Excerpts from a dataset

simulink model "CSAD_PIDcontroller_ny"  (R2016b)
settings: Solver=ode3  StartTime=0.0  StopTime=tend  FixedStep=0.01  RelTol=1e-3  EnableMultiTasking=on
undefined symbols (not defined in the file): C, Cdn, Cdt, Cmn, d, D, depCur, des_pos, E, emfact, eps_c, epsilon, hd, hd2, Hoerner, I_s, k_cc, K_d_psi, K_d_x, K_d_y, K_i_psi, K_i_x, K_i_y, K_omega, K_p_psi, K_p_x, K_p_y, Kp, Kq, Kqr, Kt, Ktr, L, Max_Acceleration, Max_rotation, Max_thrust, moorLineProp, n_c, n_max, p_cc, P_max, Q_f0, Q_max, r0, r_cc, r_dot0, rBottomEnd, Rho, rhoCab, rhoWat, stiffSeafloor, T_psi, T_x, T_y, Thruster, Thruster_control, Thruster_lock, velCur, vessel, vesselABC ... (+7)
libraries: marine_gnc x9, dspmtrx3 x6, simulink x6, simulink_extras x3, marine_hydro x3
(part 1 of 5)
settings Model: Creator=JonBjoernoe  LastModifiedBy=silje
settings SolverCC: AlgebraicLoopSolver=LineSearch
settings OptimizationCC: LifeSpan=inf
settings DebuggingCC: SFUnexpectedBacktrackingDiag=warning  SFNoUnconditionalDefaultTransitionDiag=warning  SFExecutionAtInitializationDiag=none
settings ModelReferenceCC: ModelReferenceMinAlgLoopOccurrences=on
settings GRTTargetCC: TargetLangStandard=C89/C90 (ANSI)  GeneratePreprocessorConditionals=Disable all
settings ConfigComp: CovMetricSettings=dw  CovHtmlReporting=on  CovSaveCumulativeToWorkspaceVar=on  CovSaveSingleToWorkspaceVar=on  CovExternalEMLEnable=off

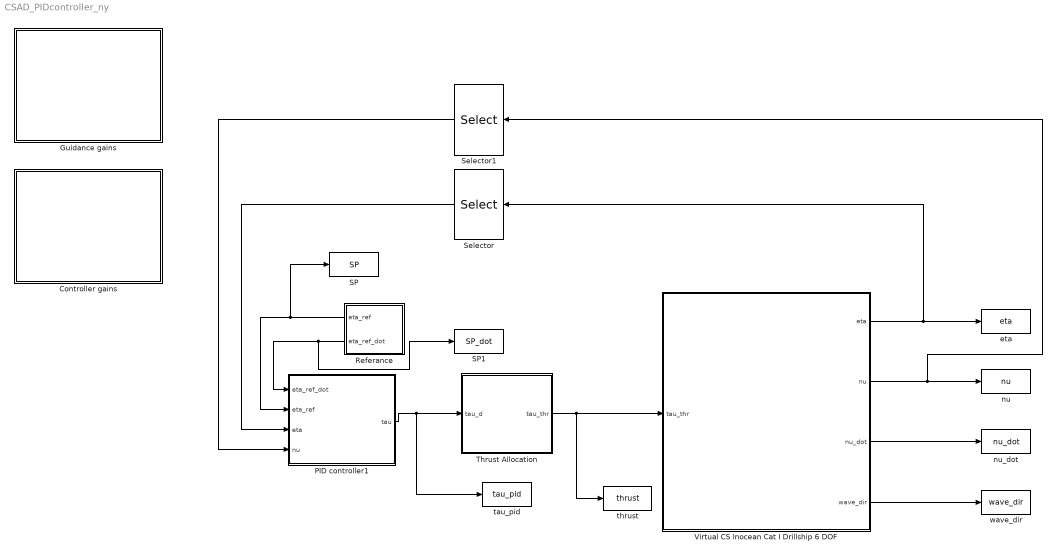
== system CSAD_PIDcontroller_ny ==
  Controller gains : Subsystem
  Guidance gains : Subsystem
  PID controller1 : Subsystem
  Referance : Subsystem
  SP : ToWorkspace  VariableName=SP  SaveFormat=Timeseries  SampleTime=-1
  SP1 : ToWorkspace  VariableName=SP_dot  SaveFormat=Timeseries  SampleTime=-1
  Selector : Selector  InputPortWidth=6  IndexOptions=Index vector (dialog)  Indices=[1 2 6]  OutputSizes=1
  Selector1 : Selector  InputPortWidth=6  IndexOptions=Index vector (dialog)  Indices=[1 2 6]  OutputSizes=1
  "Thrust Allocation  " : Subsystem
  Virtual CS Inocean Cat I Drillship 6 DOF : Subsystem  mask(CSAD with Turret-based thruster-assisted position mooring){eta_0=[0 0 0 0 0 0], nu_0=[0 0 0 0 0 0], wave_1_on_off=off, wave_2_on_off=on, Hs=1.5/90, beta_w=3.4907, omega_0=0.768*sqrt(90), current_on_off=on, nu_c=0.2/sqrt(90), beta_c=200, anchor_0=moorLineProp.bottomEnds, mooringLinesMeasurement_on_off=off, mooringLines_on_off=off}
      mask prompts: eta_0 "Initial eta"; nu_0 "Initial nu"; wave_1_on_off "Wave force (1st Order)"; wave_2_on_off "Wave drift force (2nd Order)"; Hs "Significant wave height [m] (Hs)"; beta_w "Mean wave direction [rad] (beta_w)"; omega_0 "Peak frequency [rad/s] (omega_0)"; current_on_off "Current"; nu_c "Current velocity [m/s] (nu_c)"; beta_c "Current direction [deg] (beta_c)"; anchor_0 "The anchor position matrix"; mooringLinesMeasurement_on_off "Mooring Lines' Measurement"; mooringLines_on_off "Mooring Lines"
      mask help:
      | This block implements the CS Inocean Cat I Drillship with 4 mooring lines. This is a simplified model. All the mooring lines are assumed to connect with the turret at the center of the turret (COT). The COT locates at the center of the ship.  Therefore, there are no moments from mooring lines.
      |
      | where
      | input 1:     <tau_thr> Thruster forces.
      | output 1:   <Wave direction> The direction of the waves.
      | output 2:   <eta> The position of the CSAD.
      | output 3:   <nu> The velocity of the CSAD.
      | output 4:   <T_moor> The tension vector in every mooring line.
      |
      | Copyright (C) 2016, NTNU, Trondheim, Norway
      | Author: Jon Bjørnø (CSAD) and Zhengru Ren (mooring)
  eta : ToWorkspace  VariableName=eta  SaveFormat=Timeseries  SampleTime=-1
  nu : ToWorkspace  VariableName=nu  SaveFormat=Timeseries  SampleTime=-1
  nu_dot : ToWorkspace  VariableName=nu_dot  SaveFormat=Timeseries  SampleTime=-1
  tau_pid : ToWorkspace  VariableName=tau_pid  SaveFormat=Timeseries  SampleTime=-1
  thrust : ToWorkspace  VariableName=thrust  SaveFormat=Timeseries  SampleTime=-1
  wave_dir : ToWorkspace  VariableName=wave_dir  SaveFormat=Timeseries  SampleTime=-1
  wires:
  Virtual CS Inocean Cat I Drillship 6 DOF/1(eta) -> Selector/1, eta/1
  Virtual CS Inocean Cat I Drillship 6 DOF/2(nu) -> nu/1, Selector1/1
  Virtual CS Inocean Cat I Drillship 6 DOF/3(nu_dot) -> nu_dot/1
  Virtual CS Inocean Cat I Drillship 6 DOF/4(wave_dir) -> wave_dir/1
  "Thrust Allocation  "/1(tau_thr) -> thrust/1, Virtual CS Inocean Cat I Drillship 6 DOF/1(tau_thr)
  PID controller1/1(tau) -> tau_pid/1, "Thrust Allocation  "/1(tau_d)
  Selector/1 -> PID controller1/3(eta)
  Selector1/1 -> PID controller1/4(nu)
  Referance/1(eta_ref) -> SP/1, PID controller1/2(eta_ref)
  Referance/2(eta_ref_dot) -> SP1/1, PID controller1/1(eta_ref_dot)

== system CSAD_PIDcontroller_ny/Controller gains ==
  Constant : Constant  Value=K_p_x
  Constant1 : Constant  Value=K_p_y
  Constant2 : Constant  Value=K_p_psi
  Constant3 : Constant  Value=K_i_x
  Constant4 : Constant  Value=K_i_y
  Constant5 : Constant  Value=K_i_psi
  Constant6 : Constant  Value=K_d_x
  Constant7 : Constant  Value=K_d_y
  Constant8 : Constant  Value=K_d_psi
  Create Diagonal Matrix : dspmtrx3/Create Diagonal Matrix
  Create Diagonal Matrix1 : dspmtrx3/Create Diagonal Matrix
  Create Diagonal Matrix2 : dspmtrx3/Create Diagonal Matrix
  Mux : Mux  Inputs=3
  Mux1 : Mux  Inputs=3
  Mux2 : Mux  Inputs=3
  tag scope: K_d=global, K_i=global, K_p=global
  wires:
  Mux/1 -> Create Diagonal Matrix/1
  Constant/1 -> Mux/1
  Constant1/1 -> Mux/2
  Constant2/1 -> Mux/3
  Mux1/1 -> Create Diagonal Matrix1/1
  Create Diagonal Matrix/1 -> [K_p]
  Create Diagonal Matrix1/1 -> [K_i]
  Mux2/1 -> Create Diagonal Matrix2/1
  Create Diagonal Matrix2/1 -> [K_d]
  Constant3/1 -> Mux1/1
  Constant4/1 -> Mux1/2
  Constant5/1 -> Mux1/3
  Constant6/1 -> Mux2/1
  Constant7/1 -> Mux2/2
  Constant8/1 -> Mux2/3

== system CSAD_PIDcontroller_ny/Guidance gains ==
  Constant : Constant  Value=w_x
  Constant1 : Constant  Value=w_y
  Constant2 : Constant  Value=w_psi
  Constant3 : Constant  Value=zeta_x
  Constant4 : Constant  Value=zeta_y
  Constant5 : Constant  Value=zeta_psi
  Constant6 : Constant  Value=1/T_x
  Constant7 : Constant  Value=1/T_y
  Constant8 : Constant  Value=1/T_psi
  Create Diagonal Matrix : dspmtrx3/Create Diagonal Matrix
  Create Diagonal Matrix1 : dspmtrx3/Create Diagonal Matrix
  Create Diagonal Matrix2 : dspmtrx3/Create Diagonal Matrix
  Mux : Mux  Inputs=3
  Mux1 : Mux  Inputs=3
  Mux2 : Mux  Inputs=3
  tag scope: Af=global, omega=global, zeta=global
  wires:
  Mux/1 -> Create Diagonal Matrix/1
  Constant/1 -> Mux/1
  Constant1/1 -> Mux/2
  Constant2/1 -> Mux/3
  Mux1/1 -> Create Diagonal Matrix1/1
  Constant3/1 -> Mux1/1
  Constant4/1 -> Mux1/2
  Constant5/1 -> Mux1/3
  Create Diagonal Matrix/1 -> [omega]
  Create Diagonal Matrix1/1 -> [zeta]
  Mux2/1 -> Create Diagonal Matrix2/1
  Constant6/1 -> Mux2/1
  Constant7/1 -> Mux2/2
  Constant8/1 -> Mux2/3
  Create Diagonal Matrix2/1 -> [Af]

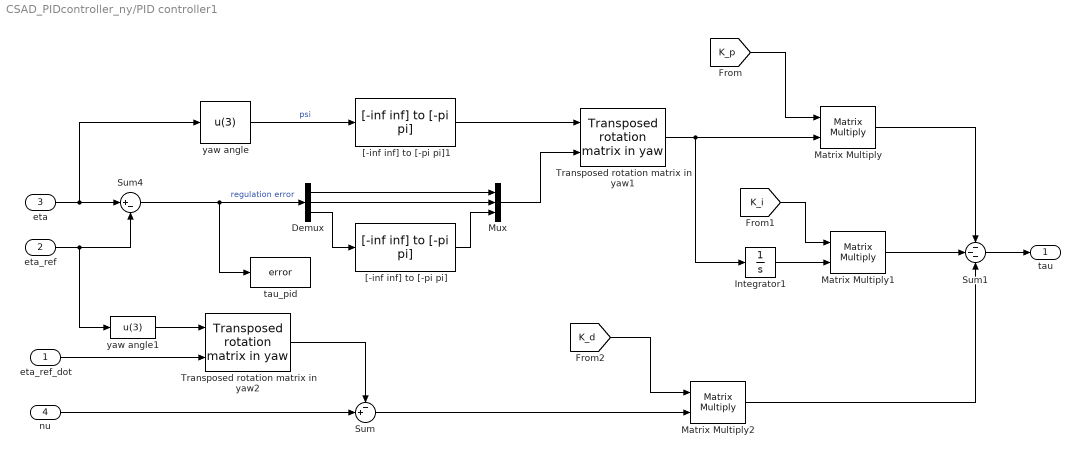
== system CSAD_PIDcontroller_ny/PID controller1 ==
  eta_ref_dot : Inport
  eta_ref : Inport  Port=2
  eta : Inport  Port=3
  nu : Inport  Port=4
  Demux : Demux  Outputs=3
  Integrator1 : Integrator
  Matrix Multiply : Product  Multiplication=Matrix(*)
  Matrix Multiply1 : Product  Multiplication=Matrix(*)
  Matrix Multiply2 : Product  Multiplication=Matrix(*)
  Mux : Mux  Inputs=3
  Sum : Sum  Inputs=-+|
  Sum1 : Sum  Inputs=---  SaturateOnIntegerOverflow=on  InputSameDT=on  OutDataTypeStr=Inherit: Same as first input
  Sum4 : Sum  Inputs=|+-  SaturateOnIntegerOverflow=on  InputSameDT=on  OutDataTypeStr=Inherit: Same as first input
  Transposed rotation matrix in yaw1 : marine_gnc/Models/ Kinematics/Transposed rotation  matrix in yaw
  Transposed rotation matrix in yaw2 : marine_gnc/Models/ Kinematics/Transposed rotation  matrix in yaw
  "[-inf inf] to [-pi pi]" : marine_gnc/Utilities/Math Operations/[-inf inf] to [-pi pi]
  "[-inf inf] to [-pi pi]1" : marine_gnc/Utilities/Math Operations/[-inf inf] to [-pi pi]
  tau_pid : ToWorkspace  VariableName=error  SaveFormat=Timeseries  SampleTime=-1
  yaw angle : Fcn  Expr=u(3)
  yaw angle1 : Fcn  Expr=u(3)
  tau : Outport  InitialOutput=0
  wires:
  Demux/2 -> Mux/2
  Demux/1 -> Mux/1
  Mux/1 -> Transposed rotation matrix in yaw1/2
  Sum4/1 -> tau_pid/1, Demux/1  "regulation error"
  "[-inf inf] to [-pi pi]"/1 -> Mux/3
  yaw angle/1 -> "[-inf inf] to [-pi pi]1"/1  "psi"
  "[-inf inf] to [-pi pi]1"/1 -> Transposed rotation matrix in yaw1/1
  Demux/3 -> "[-inf inf] to [-pi pi]"/1
  Transposed rotation matrix in yaw1/1 -> Matrix Multiply/2, Integrator1/1
  Sum1/1 -> tau/1
  eta_ref/1 -> yaw angle1/1, Sum4/2
  eta/1 -> yaw angle/1, Sum4/1
  [K_p] -> Matrix Multiply/1
  Matrix Multiply/1 -> Sum1/1
  Integrator1/1 -> Matrix Multiply1/2
  Matrix Multiply1/1 -> Sum1/2
  [K_i] -> Matrix Multiply1/1
  [K_d] -> Matrix Multiply2/1
  Matrix Multiply2/1 -> Sum1/3
  eta_ref_dot/1 -> Transposed rotation matrix in yaw2/2
  yaw angle1/1 -> Transposed rotation matrix in yaw2/1
  nu/1 -> Sum/2
  Sum/1 -> Matrix Multiply2/2
  Transposed rotation matrix in yaw2/1 -> Sum/1

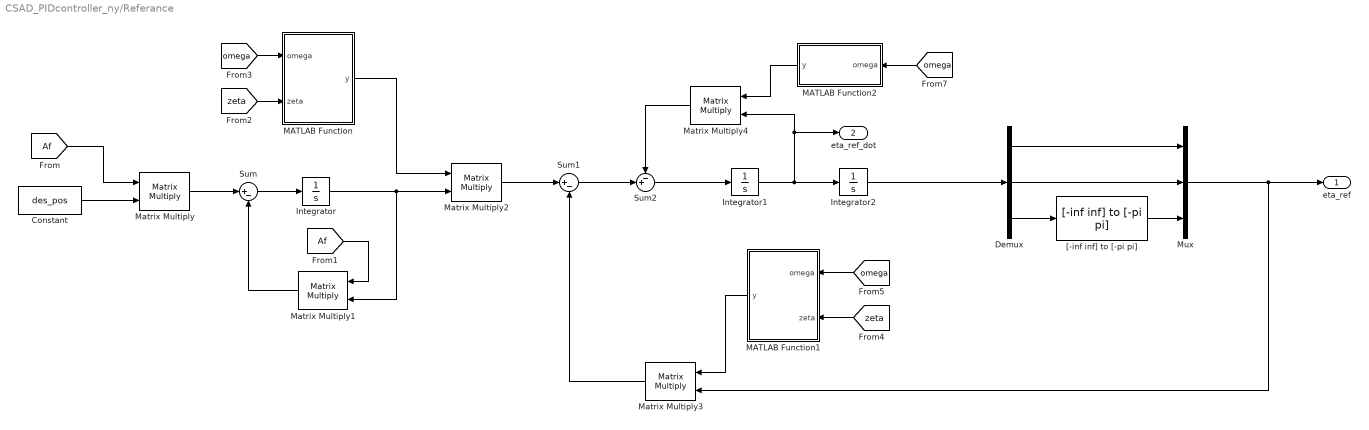
== system CSAD_PIDcontroller_ny/Referance ==
  Constant : Constant  Value=des_pos
  Demux : Demux  Outputs=3
  Integrator : Integrator
  Integrator1 : Integrator
  Integrator2 : Integrator
  MATLAB Function : MATLAB Function  TreatAsAtomicUnit=on
  MATLAB Function1 : MATLAB Function  TreatAsAtomicUnit=on
  MATLAB Function2 : MATLAB Function  TreatAsAtomicUnit=on
  Matrix Multiply{,1..4} (5 alike) : Product  Multiplication=Matrix(*)
  Mux : Mux  Inputs=3
  Sum : Sum  Inputs=|+-
  Sum1 : Sum  Inputs=|+-
  Sum2 : Sum  Inputs=-+|
  "[-inf inf] to [-pi pi]" : marine_gnc/Utilities/Math Operations/[-inf inf] to [-pi pi]
  eta_ref : Outport
  eta_ref_dot : Outport  Port=2
  wires:
  Constant/1 -> Matrix Multiply/2
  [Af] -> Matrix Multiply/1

**Activity**
Lines from the one with "yaw angle/1 ->" through the final line of the records are the whole answer; print them exactly, minus any pictures.

**Result for this task**
  yaw angle/1 -> "[-inf inf] to [-pi pi]1"/1  "psi"
  "[-inf inf] to [-pi pi]1"/1 -> Transposed rotation matrix in yaw1/1
  Demux/3 -> "[-inf inf] to [-pi pi]"/1
  Transposed rotation matrix in yaw1/1 -> Matrix Multiply/2, Integrator1/1
  Sum1/1 -> tau/1
  eta_ref/1 -> yaw angle1/1, Sum4/2
  eta/1 -> yaw angle/1, Sum4/1
  [K_p] -> Matrix Multiply/1
  Matrix Multiply/1 -> Sum1/1
  Integrator1/1 -> Matrix Multiply1/2
  Matrix Multiply1/1 -> Sum1/2
  [K_i] -> Matrix Multiply1/1
  [K_d] -> Matrix Multiply2/1
  Matrix Multiply2/1 -> Sum1/3
  eta_ref_dot/1 -> Transposed rotation matrix in yaw2/2
  yaw angle1/1 -> Transposed rotation matrix in yaw2/1
  nu/1 -> Sum/2
  Sum/1 -> Matrix Multiply2/2
  Transposed rotation matrix in yaw2/1 -> Sum/1

== system CSAD_PIDcontroller_ny/Referance ==
  Constant : Constant  Value=des_pos
  Demux : Demux  Outputs=3
  Integrator : Integrator
  Integrator1 : Integrator
  Integrator2 : Integrator
  MATLAB Function : MATLAB Function  TreatAsAtomicUnit=on
  MATLAB Function1 : MATLAB Function  TreatAsAtomicUnit=on
  MATLAB Function2 : MATLAB Function  TreatAsAtomicUnit=on
  Matrix Multiply{,1..4} (5 alike) : Product  Multiplication=Matrix(*)
  Mux : Mux  Inputs=3
  Sum : Sum  Inputs=|+-
  Sum1 : Sum  Inputs=|+-
  Sum2 : Sum  Inputs=-+|
  "[-inf inf] to [-pi pi]" : marine_gnc/Utilities/Math Operations/[-inf inf] to [-pi pi]
  eta_ref : Outport
  eta_ref_dot : Outport  Port=2
  wires:
  Constant/1 -> Matrix Multiply/2
  [Af] -> Matrix Multiply/1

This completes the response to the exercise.